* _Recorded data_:

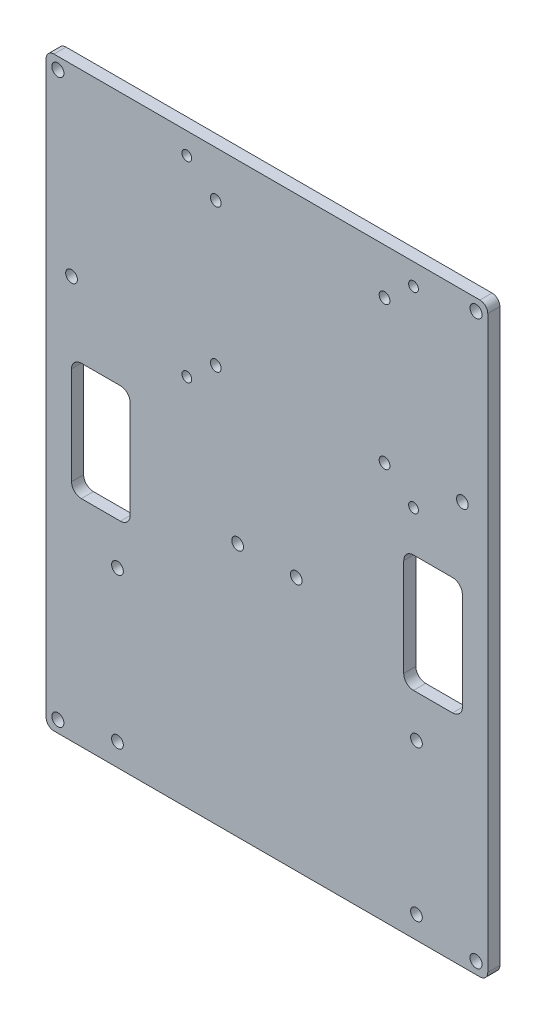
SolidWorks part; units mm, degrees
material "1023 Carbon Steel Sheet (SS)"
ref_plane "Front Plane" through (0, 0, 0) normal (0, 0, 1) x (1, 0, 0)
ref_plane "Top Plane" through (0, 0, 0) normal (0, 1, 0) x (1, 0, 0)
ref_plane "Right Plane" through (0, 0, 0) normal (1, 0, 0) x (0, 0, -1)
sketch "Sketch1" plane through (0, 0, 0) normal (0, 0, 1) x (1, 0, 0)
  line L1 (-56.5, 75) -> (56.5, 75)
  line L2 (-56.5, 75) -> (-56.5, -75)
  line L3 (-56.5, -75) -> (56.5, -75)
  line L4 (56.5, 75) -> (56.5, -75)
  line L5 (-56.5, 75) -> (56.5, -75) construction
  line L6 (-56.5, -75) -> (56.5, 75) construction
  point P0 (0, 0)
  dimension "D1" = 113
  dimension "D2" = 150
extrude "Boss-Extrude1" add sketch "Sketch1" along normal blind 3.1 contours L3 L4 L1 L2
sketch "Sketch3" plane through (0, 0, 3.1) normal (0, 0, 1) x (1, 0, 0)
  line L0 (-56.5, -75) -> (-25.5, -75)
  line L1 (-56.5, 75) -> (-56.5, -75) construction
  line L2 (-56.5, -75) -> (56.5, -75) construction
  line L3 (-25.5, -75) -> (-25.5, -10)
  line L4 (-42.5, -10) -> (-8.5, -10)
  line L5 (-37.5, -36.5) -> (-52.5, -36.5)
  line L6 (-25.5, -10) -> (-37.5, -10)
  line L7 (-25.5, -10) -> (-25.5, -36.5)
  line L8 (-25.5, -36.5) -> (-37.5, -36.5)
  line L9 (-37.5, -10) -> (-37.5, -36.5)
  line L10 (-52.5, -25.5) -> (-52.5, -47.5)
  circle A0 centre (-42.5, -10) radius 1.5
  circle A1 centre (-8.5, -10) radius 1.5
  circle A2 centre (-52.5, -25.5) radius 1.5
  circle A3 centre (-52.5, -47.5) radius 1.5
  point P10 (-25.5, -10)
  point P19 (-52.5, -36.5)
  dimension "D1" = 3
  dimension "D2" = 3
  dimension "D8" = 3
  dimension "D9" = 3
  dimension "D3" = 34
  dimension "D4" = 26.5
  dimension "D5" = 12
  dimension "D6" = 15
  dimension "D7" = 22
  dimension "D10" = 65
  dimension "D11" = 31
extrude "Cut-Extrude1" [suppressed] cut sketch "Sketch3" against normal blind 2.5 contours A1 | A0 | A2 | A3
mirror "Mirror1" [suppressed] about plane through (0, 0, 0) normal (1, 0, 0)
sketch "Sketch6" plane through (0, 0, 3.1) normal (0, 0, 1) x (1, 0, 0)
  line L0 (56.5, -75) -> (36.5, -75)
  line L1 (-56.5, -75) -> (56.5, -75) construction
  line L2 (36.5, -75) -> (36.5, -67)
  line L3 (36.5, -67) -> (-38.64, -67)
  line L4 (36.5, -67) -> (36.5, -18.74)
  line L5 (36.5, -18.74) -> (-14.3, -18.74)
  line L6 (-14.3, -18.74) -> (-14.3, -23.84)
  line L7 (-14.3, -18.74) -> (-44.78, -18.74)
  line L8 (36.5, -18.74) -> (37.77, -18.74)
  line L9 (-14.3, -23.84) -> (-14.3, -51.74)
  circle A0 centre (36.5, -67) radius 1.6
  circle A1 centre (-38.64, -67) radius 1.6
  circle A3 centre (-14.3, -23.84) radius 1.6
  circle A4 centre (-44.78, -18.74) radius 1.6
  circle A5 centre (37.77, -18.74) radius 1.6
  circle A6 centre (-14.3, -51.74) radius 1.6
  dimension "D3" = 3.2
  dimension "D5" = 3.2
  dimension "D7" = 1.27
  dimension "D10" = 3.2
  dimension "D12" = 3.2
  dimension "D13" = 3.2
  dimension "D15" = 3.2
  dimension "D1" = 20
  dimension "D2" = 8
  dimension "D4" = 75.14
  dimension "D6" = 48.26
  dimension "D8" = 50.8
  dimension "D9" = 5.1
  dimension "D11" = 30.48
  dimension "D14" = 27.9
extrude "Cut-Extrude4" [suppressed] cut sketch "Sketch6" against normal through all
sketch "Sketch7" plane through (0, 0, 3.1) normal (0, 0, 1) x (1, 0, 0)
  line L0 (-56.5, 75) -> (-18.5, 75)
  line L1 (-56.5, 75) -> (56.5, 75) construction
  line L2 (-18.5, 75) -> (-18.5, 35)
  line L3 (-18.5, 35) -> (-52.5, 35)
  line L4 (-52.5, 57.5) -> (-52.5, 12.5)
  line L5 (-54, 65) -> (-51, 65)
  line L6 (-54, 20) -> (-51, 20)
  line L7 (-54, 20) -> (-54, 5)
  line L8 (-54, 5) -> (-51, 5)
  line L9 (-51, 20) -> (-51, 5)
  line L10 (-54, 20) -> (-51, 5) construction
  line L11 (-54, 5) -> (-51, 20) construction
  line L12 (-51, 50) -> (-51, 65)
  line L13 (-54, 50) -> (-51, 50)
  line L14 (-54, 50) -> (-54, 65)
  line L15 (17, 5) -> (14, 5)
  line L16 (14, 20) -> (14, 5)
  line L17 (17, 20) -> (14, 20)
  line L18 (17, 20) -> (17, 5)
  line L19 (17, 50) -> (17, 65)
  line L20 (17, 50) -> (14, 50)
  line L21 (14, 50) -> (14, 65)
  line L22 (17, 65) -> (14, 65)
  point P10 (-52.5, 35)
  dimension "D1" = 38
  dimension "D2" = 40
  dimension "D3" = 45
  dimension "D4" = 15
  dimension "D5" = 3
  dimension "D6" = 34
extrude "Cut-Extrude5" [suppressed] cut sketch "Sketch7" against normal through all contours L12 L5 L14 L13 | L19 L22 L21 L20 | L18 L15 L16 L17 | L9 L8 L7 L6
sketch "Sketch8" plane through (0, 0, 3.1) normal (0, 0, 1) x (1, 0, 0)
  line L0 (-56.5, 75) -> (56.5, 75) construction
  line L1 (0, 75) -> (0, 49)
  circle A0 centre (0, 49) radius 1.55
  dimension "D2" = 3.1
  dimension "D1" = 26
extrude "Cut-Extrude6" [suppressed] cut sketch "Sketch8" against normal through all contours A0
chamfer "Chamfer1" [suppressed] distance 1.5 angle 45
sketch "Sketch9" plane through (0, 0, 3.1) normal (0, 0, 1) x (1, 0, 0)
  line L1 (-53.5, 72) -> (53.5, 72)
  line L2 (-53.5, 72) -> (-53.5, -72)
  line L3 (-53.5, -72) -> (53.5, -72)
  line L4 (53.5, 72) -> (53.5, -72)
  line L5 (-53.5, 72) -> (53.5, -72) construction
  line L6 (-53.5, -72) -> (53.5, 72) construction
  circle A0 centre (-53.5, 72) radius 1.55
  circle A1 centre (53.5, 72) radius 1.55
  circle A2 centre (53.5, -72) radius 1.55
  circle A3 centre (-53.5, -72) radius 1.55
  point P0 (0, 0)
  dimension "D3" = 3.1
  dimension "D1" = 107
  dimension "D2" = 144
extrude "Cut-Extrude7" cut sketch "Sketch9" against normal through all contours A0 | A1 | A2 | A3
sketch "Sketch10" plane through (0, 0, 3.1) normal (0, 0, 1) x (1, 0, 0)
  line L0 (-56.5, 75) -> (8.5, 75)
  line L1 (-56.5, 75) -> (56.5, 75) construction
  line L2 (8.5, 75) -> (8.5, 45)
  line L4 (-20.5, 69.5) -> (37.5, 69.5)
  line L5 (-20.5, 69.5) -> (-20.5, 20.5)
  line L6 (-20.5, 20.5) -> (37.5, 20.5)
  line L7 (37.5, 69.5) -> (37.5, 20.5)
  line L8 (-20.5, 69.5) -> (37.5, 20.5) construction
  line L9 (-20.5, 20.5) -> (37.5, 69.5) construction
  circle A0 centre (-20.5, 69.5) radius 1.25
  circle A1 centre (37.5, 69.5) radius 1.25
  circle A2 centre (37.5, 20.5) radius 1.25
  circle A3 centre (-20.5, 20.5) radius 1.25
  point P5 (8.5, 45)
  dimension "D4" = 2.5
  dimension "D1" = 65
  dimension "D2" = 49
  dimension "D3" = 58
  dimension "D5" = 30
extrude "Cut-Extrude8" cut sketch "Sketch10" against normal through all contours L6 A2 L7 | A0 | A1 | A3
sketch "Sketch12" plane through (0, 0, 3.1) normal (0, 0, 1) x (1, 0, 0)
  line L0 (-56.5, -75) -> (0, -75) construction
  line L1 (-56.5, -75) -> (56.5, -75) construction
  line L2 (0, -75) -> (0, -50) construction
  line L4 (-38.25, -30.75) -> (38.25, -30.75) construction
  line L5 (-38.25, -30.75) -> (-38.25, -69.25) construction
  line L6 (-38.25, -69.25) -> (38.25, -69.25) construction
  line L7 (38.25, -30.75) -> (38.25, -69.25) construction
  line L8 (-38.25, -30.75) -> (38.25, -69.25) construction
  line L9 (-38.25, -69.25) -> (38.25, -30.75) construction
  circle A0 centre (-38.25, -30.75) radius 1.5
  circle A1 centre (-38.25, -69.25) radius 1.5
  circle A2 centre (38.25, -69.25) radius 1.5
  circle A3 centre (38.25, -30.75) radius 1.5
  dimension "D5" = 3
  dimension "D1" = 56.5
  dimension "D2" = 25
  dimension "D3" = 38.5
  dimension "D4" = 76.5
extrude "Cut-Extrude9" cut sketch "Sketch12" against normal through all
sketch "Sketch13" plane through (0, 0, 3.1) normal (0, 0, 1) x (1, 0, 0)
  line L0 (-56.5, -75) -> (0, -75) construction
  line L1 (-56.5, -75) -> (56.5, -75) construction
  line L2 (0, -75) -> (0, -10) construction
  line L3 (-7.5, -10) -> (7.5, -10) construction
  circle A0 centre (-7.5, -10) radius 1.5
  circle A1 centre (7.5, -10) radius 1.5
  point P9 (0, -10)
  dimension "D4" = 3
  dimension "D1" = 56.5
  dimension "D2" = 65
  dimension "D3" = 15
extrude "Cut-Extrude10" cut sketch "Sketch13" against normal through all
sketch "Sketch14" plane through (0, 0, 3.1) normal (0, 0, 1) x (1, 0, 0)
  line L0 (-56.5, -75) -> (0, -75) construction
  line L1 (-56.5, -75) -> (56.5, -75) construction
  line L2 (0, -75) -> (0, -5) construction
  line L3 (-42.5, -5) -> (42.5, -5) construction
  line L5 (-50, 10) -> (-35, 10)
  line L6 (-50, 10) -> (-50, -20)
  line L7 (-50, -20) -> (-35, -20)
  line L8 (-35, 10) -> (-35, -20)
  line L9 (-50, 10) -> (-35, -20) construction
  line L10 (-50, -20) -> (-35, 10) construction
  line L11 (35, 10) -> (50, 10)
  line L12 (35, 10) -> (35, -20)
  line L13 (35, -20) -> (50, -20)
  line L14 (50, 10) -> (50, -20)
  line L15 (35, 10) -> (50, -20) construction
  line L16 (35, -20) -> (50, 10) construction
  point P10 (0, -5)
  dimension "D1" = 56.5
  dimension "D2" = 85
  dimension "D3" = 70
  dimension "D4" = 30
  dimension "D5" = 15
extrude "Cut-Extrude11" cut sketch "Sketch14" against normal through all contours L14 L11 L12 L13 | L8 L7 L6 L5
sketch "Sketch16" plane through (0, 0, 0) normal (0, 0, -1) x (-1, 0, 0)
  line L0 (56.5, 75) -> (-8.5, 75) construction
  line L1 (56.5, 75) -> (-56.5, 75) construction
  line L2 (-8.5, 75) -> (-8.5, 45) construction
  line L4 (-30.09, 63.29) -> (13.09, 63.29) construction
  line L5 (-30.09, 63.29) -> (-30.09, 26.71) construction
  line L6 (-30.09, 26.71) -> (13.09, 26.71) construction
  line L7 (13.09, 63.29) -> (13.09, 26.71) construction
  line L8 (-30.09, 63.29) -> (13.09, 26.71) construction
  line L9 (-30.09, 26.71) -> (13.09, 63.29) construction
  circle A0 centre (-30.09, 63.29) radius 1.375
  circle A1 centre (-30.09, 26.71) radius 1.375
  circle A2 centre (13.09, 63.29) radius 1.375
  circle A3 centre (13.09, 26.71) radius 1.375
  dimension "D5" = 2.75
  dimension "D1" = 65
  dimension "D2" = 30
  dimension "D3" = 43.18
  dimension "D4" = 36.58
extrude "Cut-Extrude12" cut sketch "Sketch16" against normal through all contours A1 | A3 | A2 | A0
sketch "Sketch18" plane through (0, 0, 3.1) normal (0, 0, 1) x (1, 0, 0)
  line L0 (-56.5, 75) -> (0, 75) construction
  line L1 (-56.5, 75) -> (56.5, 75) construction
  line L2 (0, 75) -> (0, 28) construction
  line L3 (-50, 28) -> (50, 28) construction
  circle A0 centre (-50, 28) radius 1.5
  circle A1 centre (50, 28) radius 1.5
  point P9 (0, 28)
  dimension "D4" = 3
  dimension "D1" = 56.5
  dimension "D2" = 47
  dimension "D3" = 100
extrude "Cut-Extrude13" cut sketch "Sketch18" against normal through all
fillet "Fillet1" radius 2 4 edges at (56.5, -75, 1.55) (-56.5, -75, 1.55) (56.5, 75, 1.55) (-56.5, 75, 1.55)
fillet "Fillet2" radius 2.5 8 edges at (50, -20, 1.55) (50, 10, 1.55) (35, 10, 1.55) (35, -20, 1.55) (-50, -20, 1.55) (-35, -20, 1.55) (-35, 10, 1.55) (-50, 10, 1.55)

* _The task_:
For the records above, state how many lines contain "contours", and nothing more.

* _Task result_:
8